APPA and NRECA, among other trade groups, have weighed in with Congress noting how some top policy priorities could be helpful in managing the crisis. Many municipal utility CEOs have called on Congress to restore the tax exemption for advance refunding of municipal bonds and to permanently exempt the budget sequester from Build America Bonds. The utility trades developed a list of requests for a stimulus or response bill, including prioritized access to testing, treatments, vaccines, and personal protective equipment; utility worker exemptions from quarantine rules to access downed critical infrastructure and to offer mutual aid; liability protection if utility workers are asked to assist in disaster response or re-prioritize operations; relief from certain regulatory requirements; and a waiver of the Jones Act for liquefied natural gas shipments. On Monday, pressure increased to also enact provisions aimed at stabilizing the municipal bond market.

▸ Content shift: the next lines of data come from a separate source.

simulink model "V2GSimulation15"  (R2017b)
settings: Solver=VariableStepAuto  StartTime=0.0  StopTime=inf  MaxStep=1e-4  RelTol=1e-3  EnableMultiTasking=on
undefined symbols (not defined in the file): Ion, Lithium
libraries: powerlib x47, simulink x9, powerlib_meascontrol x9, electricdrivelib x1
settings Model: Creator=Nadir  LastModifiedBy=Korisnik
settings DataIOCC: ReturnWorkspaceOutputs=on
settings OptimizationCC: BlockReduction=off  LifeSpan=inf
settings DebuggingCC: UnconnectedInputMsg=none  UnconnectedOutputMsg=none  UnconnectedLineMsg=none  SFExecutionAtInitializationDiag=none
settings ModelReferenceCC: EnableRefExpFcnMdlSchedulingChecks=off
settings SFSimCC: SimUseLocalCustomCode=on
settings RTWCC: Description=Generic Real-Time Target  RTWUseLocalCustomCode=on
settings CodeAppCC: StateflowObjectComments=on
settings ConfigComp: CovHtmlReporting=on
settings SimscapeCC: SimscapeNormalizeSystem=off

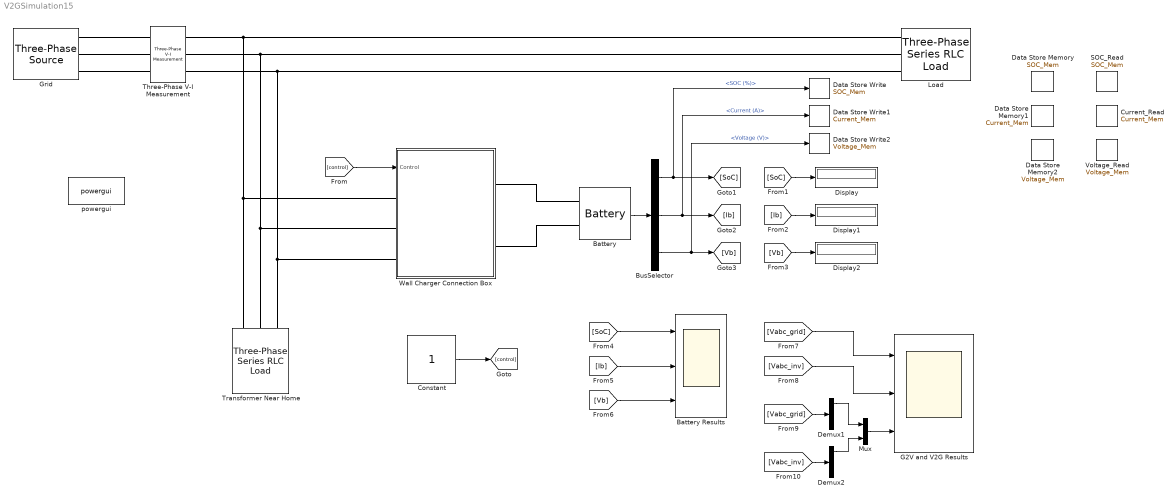
== system V2GSimulation15 ==
  Battery : electricdrivelib/Extra Sources/Battery  BatType=Lithium-Ion  ShowTempParam=off  ThermalPreset=no  ShowAgeParam=off  NomV=230  NomQ=100  SOC=60  Batt_Tr=1e-3  PresetModel=on  MaxQ=100  MinV=172.5  FullV=267.717  Dis_rate=43.4783  R=0.023  Normal_OP=90.4348  expZone="[248.4887      4.913043]"  current=[6.5 13 32.5]  Units=Time  Tci=20  NomT=20  T2=-30  MaxQ2=4.8  FullV2=7.1  Normal_OP2=5.72  expZone2="[6.58  1]"  Rca=0.6  ti=1000  Dp=0  Neq0=0  Tsim=1e6  Ta1=25  Qeol=5.4*0.9  Reol=0.013333*1.2  Char_age=[2.3478, 3]  Dis_age=[2.3478, 10]  N1=1500  N2=10500  N3=1000  N4=1400  Ta2=45  N5=950
  Battery Results : Scope  NumInputPorts=3
  BusSelector : BusSelector  OutputSignals=SOC (%),Current (A),Voltage (V)
  Constant : Constant  OutDataTypeStr=boolean
  Current_Read : DataStoreRead  DataStoreName=Current_Mem
  Data Store Memory : DataStoreMemory  DataStoreName=SOC_Mem  ReadBeforeWriteMsg=warning  WriteAfterWriteMsg=warning  WriteAfterReadMsg=warning  ShowAdditionalParam=off
  Data Store Memory1 : DataStoreMemory  DataStoreName=Current_Mem  ReadBeforeWriteMsg=warning  WriteAfterWriteMsg=warning  WriteAfterReadMsg=warning  ShowAdditionalParam=off
  Data Store Memory2 : DataStoreMemory  DataStoreName=Voltage_Mem  ReadBeforeWriteMsg=warning  WriteAfterWriteMsg=warning  WriteAfterReadMsg=warning  ShowAdditionalParam=off
  Data Store Write : DataStoreWrite  DataStoreName=SOC_Mem
  Data Store Write1 : DataStoreWrite  DataStoreName=Current_Mem
  Data Store Write2 : DataStoreWrite  DataStoreName=Voltage_Mem
  Demux1 : Demux  Outputs=3
  Demux2 : Demux  Outputs=3
  Display : Display
  Display1 : Display
  Display2 : Display
  G2V and V2G Results : Scope  NumInputPorts=3
  Grid : powerlib/Electrical Sources/Three-Phase Source  InternalConnection=Yg  VoltagePhases=off  Voltage=380  PhaseAngle=0  Voltage_phases=[25e3 25e3 25e3]/sqrt(3)  PhaseAngles_phases=[0 -120 +120]  Frequency=50  NonIdealSource=on  SpecifyImpedance=on  Resistance=0.8929  Inductance=16.58e-3  ShortCircuitLevel=100e6  BaseVoltage=380  XRratio=7  BusType=swing  Pref=10e3  Qref=0  Prefabc=[10e3, 10e3, 10e3]  Qrefabc=[0, 0, 0]  Qmin=-inf  Qmax=inf
  Load : powerlib/Elements/Three-Phase Series RLC Load  LConnTagsString=A|B|C  Configuration=Y (grounded)  NominalVoltage=380  Vabc=[1e3 1e3 1e3]  Vabcp=[1e3 1e3 1e3]  NominalFrequency=50  UnbalancedPower=off  ActivePower=10e3  InductivePower=0  CapacitivePower=0  Pabc=[10e3 9e3 11e3]  QLabc=[100 90 110]  QCabc=[100 90 110]  Pabcp=[10e3 9e3 11e3]  QLabcp=[100 90 110]  QCabcp=[100 90 110]  Measurements=None  LoadType=constant Z
  Mux : Mux  Inputs=2
  SOC_Read : DataStoreRead  DataStoreName=SOC_Mem
  Three-Phase V-I Measurement : powerlib/Measurements/Three-Phase V-I Measurement  VoltageMeasurement=phase-to-phase  SetLabelV=on  LabelV=Vabc_grid  Vpu=off  VpuLL=off  CurrentMeasurement=yes  SetLabelI=on  LabelI=Iabc_grid  Ipu=off  Pbase=100e6  Vbase=500e3  OutputType=Complex  PhasorSimulation=off  PSBequivalent=0
  Transformer Near Home : powerlib/Elements/Three-Phase Series RLC Load  LConnTagsString=A|B|C  Configuration=Y (grounded)  NominalVoltage=380  Vabc=[1e3 1e3 1e3]  Vabcp=[1e3 1e3 1e3]  NominalFrequency=50  UnbalancedPower=off  ActivePower=10e3  InductivePower=0  CapacitivePower=0  Pabc=[10e3 9e3 11e3]  QLabc=[100 90 110]  QCabc=[100 90 110]  Pabcp=[10e3 9e3 11e3]  QLabcp=[100 90 110]  QCabcp=[100 90 110]  Measurements=None  LoadType=constant Z
  Voltage_Read : DataStoreRead  DataStoreName=Voltage_Mem
  Wall Charger Connection Box : Subsystem
  powergui : powerlib/powergui  Priority=1  SimulationMode=Continuous  SampleTime=5e-6  frequency=60  Iterations=50  frequencyindice=50  Pbase=100e6  ErrMax=1e-4  UnitsV=kV  UnitsW=MW  buscounter=0  FunctionMessages=off  echomessages=off  EnableUseOfTLC=off  CurrentSourceSwitches=off  DisableSnubberDevices=off  DisableRonSwitches=off  DisableVfSwitches=off  DisplayEquations=off  SolverType=Tustin/Backward Euler (TBE)  Interpol=off  ExternalGateDelay=off  methode=off  Ts=100  x0status=blocks  SPID=on  SwTol=0  HookPort=off  RestoreLinks=warning  ResistiveCurrentMeasurement=off  Frange=[0:2:500]  Ylog=off  Xlog=on  ShowGrid=off  save=off  variable=ZData  structure=0  ZoomFFT=off  StartTime=0.0  cycles=1  DisplayStyle=1  fundamental=60  FreqAxis=off  MaxFrequency=1000  frequencyindicesteady=1  RmsSteady=1  display=off
  wires:
  [control] -> Wall Charger Connection Box/1(Control)
  Constant/1 -> [control]
  Battery/1 -> BusSelector/1
  BusSelector/1 -> Data Store Write/1, [SoC]  "<SOC (%)>"
  [SoC] -> Display/1
  [Ib] -> Display1/1
  [Vb] -> Display2/1
  [SoC] -> Battery Results/1
  [Ib] -> Battery Results/2
  [Vb] -> Battery Results/3
  [Vabc_grid] -> Demux1/1
  [Vabc_inv] -> Demux2/1
  Demux1/1 -> Mux/1
  Demux2/1 -> Mux/2
  Mux/1 -> G2V and V2G Results/3
  [Vabc_inv] -> G2V and V2G Results/2
  [Vabc_grid] -> G2V and V2G Results/1
  BusSelector/2 -> Data Store Write1/1, [Ib]  "<Current (A)>"
  BusSelector/3 -> Data Store Write2/1, [Vb]  "<Voltage (V)>"
  connections:
  Three-Phase V-I Measurement/RConn1 -- Wall Charger Connection Box/LConn1 -- Transformer Near Home/LConn1 -- Load/LConn1
  Wall Charger Connection Box/LConn2 -- Transformer Near Home/LConn2 -- Three-Phase V-I Measurement/RConn2 -- Load/LConn2
  Wall Charger Connection Box/LConn3 -- Transformer Near Home/LConn3 -- Three-Phase V-I Measurement/RConn3 -- Load/LConn3
  Wall Charger Connection Box/RConn1 -- Battery/LConn1
  Wall Charger Connection Box/RConn2 -- Battery/LConn2
  Three-Phase V-I Measurement/LConn1 -- Grid/RConn1
  Three-Phase V-I Measurement/LConn2 -- Grid/RConn2
  Three-Phase V-I Measurement/LConn3 -- Grid/RConn3

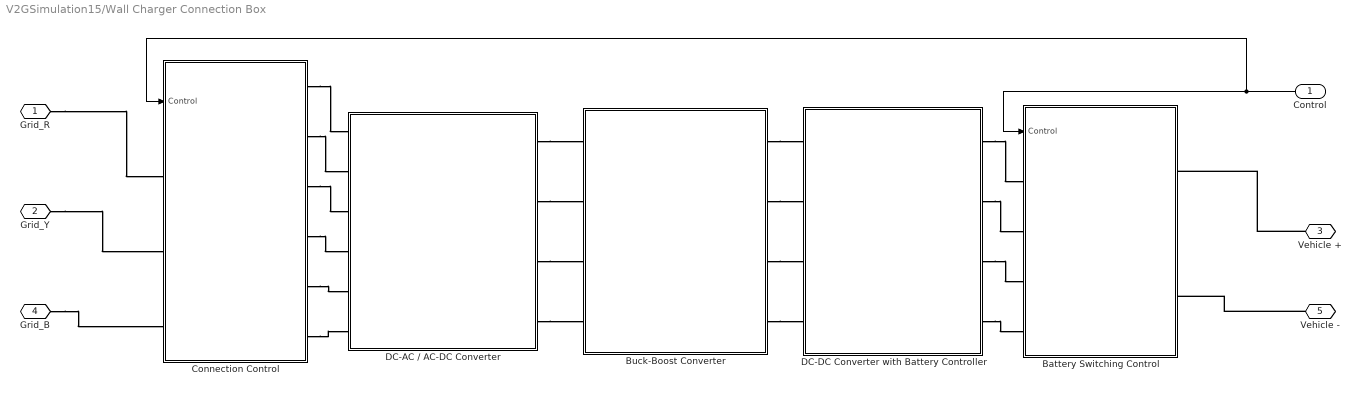
== system V2GSimulation15/Wall Charger Connection Box ==
  Control : Inport
  Battery Switching Control : Subsystem
  Buck-Boost Converter : Subsystem
  Connection Control : Subsystem
  DC-AC / AC-DC Converter : Subsystem
  DC-DC Converter with Battery Controller : Subsystem
  Grid_R : PMIOPort  Port=1  Side=Left
  Grid_Y : PMIOPort  Port=2  Side=Left
  Vehicle + : PMIOPort  Port=3  Side=Right
  Grid_B : PMIOPort  Port=4  Side=Left
  Vehicle - : PMIOPort  Port=5  Side=Right
  wires:
  Control/1 -> Battery Switching Control/1(Control), Connection Control/1(Control)
  connections:
  Connection Control/RConn2 -- DC-AC / AC-DC Converter/LConn2
  DC-DC Converter with Battery Controller/RConn3 -- Battery Switching Control/LConn3
  DC-AC / AC-DC Converter/RConn3 -- Buck-Boost Converter/LConn3
  DC-DC Converter with Battery Controller/RConn1 -- Battery Switching Control/LConn1
  Buck-Boost Converter/RConn2 -- DC-DC Converter with Battery Controller/LConn2
  Buck-Boost Converter/RConn1 -- DC-DC Converter with Battery Controller/LConn1
  Connection Control/RConn3 -- DC-AC / AC-DC Converter/LConn3
  Vehicle -/RConn1 -- Battery Switching Control/RConn2
  Vehicle +/RConn1 -- Battery Switching Control/RConn1
  Grid_B/RConn1 -- Connection Control/LConn3
  Grid_Y/RConn1 -- Connection Control/LConn2
  DC-DC Converter with Battery Controller/RConn4 -- Battery Switching Control/LConn4
  DC-AC / AC-DC Converter/RConn2 -- Buck-Boost Converter/LConn2
  Buck-Boost Converter/RConn3 -- DC-DC Converter with Battery Controller/LConn3
  DC-AC / AC-DC Converter/RConn1 -- Buck-Boost Converter/LConn1
  Buck-Boost Converter/RConn4 -- DC-DC Converter with Battery Controller/LConn4
  Grid_R/RConn1 -- Connection Control/LConn1
  Connection Control/RConn4 -- DC-AC / AC-DC Converter/LConn4
  Connection Control/RConn6 -- DC-AC / AC-DC Converter/LConn6
  DC-AC / AC-DC Converter/RConn4 -- Buck-Boost Converter/LConn4
  DC-DC Converter with Battery Controller/RConn2 -- Battery Switching Control/LConn2
  Connection Control/RConn5 -- DC-AC / AC-DC Converter/LConn5
  Connection Control/RConn1 -- DC-AC / AC-DC Converter/LConn1

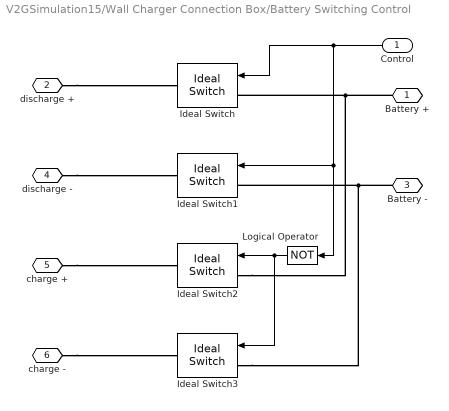
== system V2GSimulation15/Wall Charger Connection Box/Battery Switching Control ==
  Control : Inport
  Ideal Switch{,1..3} (4 alike) : powerlib/Power Electronics/Ideal Switch  Ron=0.001  Lon=0  IC=0  Rs=1e5  Cs=inf  Measurements=off
  Logical Operator : Logic  Operator=NOT  AllPortsSameDT=off  OutDataTypeStr=boolean
  Battery + : PMIOPort  Port=1  Side=Right
  discharge + : PMIOPort  Port=2  Side=Left
  Battery - : PMIOPort  Port=3  Side=Right
  discharge - : PMIOPort  Port=4  Side=Left
  charge + : PMIOPort  Port=5  Side=Left
  charge - : PMIOPort  Port=6  Side=Left
  wires:
  Control/1 -> Ideal Switch1/1, Logical Operator/1, Ideal Switch/1
  Logical Operator/1 -> Ideal Switch3/1, Ideal Switch2/1
  connections:
  charge -/RConn1 -- Ideal Switch3/RConn1
  Ideal Switch3/LConn1 -- Ideal Switch1/LConn1 -- Battery -/RConn1
  Ideal Switch2/LConn1 -- Ideal Switch/LConn1 -- Battery +/RConn1
  discharge +/RConn1 -- Ideal Switch/RConn1
  charge +/RConn1 -- Ideal Switch2/RConn1
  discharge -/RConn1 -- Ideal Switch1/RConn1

NWPPA is developing a set of requests for future legislation that addresses needs specific to Northwest utilities

FERC Proposes Revisions to Transmission Incentives Policy

Update provided by Meguire Whitney

On March 19, the Federal Energy Regulatory Commission announced a Notice of Proposed Rulemaking to make changes to its electric transmission incentives policy. The NOPR proposes changes that will increase the amount of basis points available to transmission projects, including increasing the RTO/ISO participation adder from 50 to 100 basis points, and awarding it irrespective of whether participation is voluntary. Among the proposed changes, the FERC action would increase incentives for a variety of actions for projects that demonstrate increased economic benefits on benefit-to-cost ratios, demonstrate increased significant reliability benefits, and for new technologies that “enhance reliability, efficiency, and capacity as well as improve the operation of new or existing transmission facilities.”

In a statement, FERC Chairman Neil Chatterjee said, “The NOPR proposes to depart from the Commission’s existing risks and challenges approach, and instead grant incentives to transmission projects based upon benefits to consumers: ensuring reliability and reducing the cost of delivered power by reducing transmission congestion. This new approach . . . would provide the Commission with a clear framework to grant incentives for the most beneficial transmission projects.”

APPA and NRECA submitted comments in response to a Notice of Inquiry on transmission incentives last year, advocating against overly generous incentives that focus on project benefits and instead maintain the current framework based on a project’s risks and challenges. FERC has been criticized for “rubber-stamping” any incentives requested by a transmission developer. Comments on the NOPR will be due 90 days from publication in the Federal Register.

DOE Issues Final CEII Rule

Update provided by Meguire Whitney

On March 16, the Department of Energy published in the Federal Register a final rule that clarifies the processes by which the agency will designate information as critical electric infrastructure information (CEII), thereby shielding it from Freedom of Information Act requests. Section 215 of the Federal Power Act gives FERC and the DOE the authority to designate information as CEII; this includes information utilities routinely or intermittently provide to those agencies. Under the rule, a utility may request that certain information it provides be considered CEII, and the DOE will treat it as such until and unless the DOE makes a contrary determination. The DOE agreed with comments provided by APPA and NRECA not to disclose information whose CEII designation has lapsed before allowing the affected party time to request that the information should remain CEII. The rule takes effect on May 15, 2020.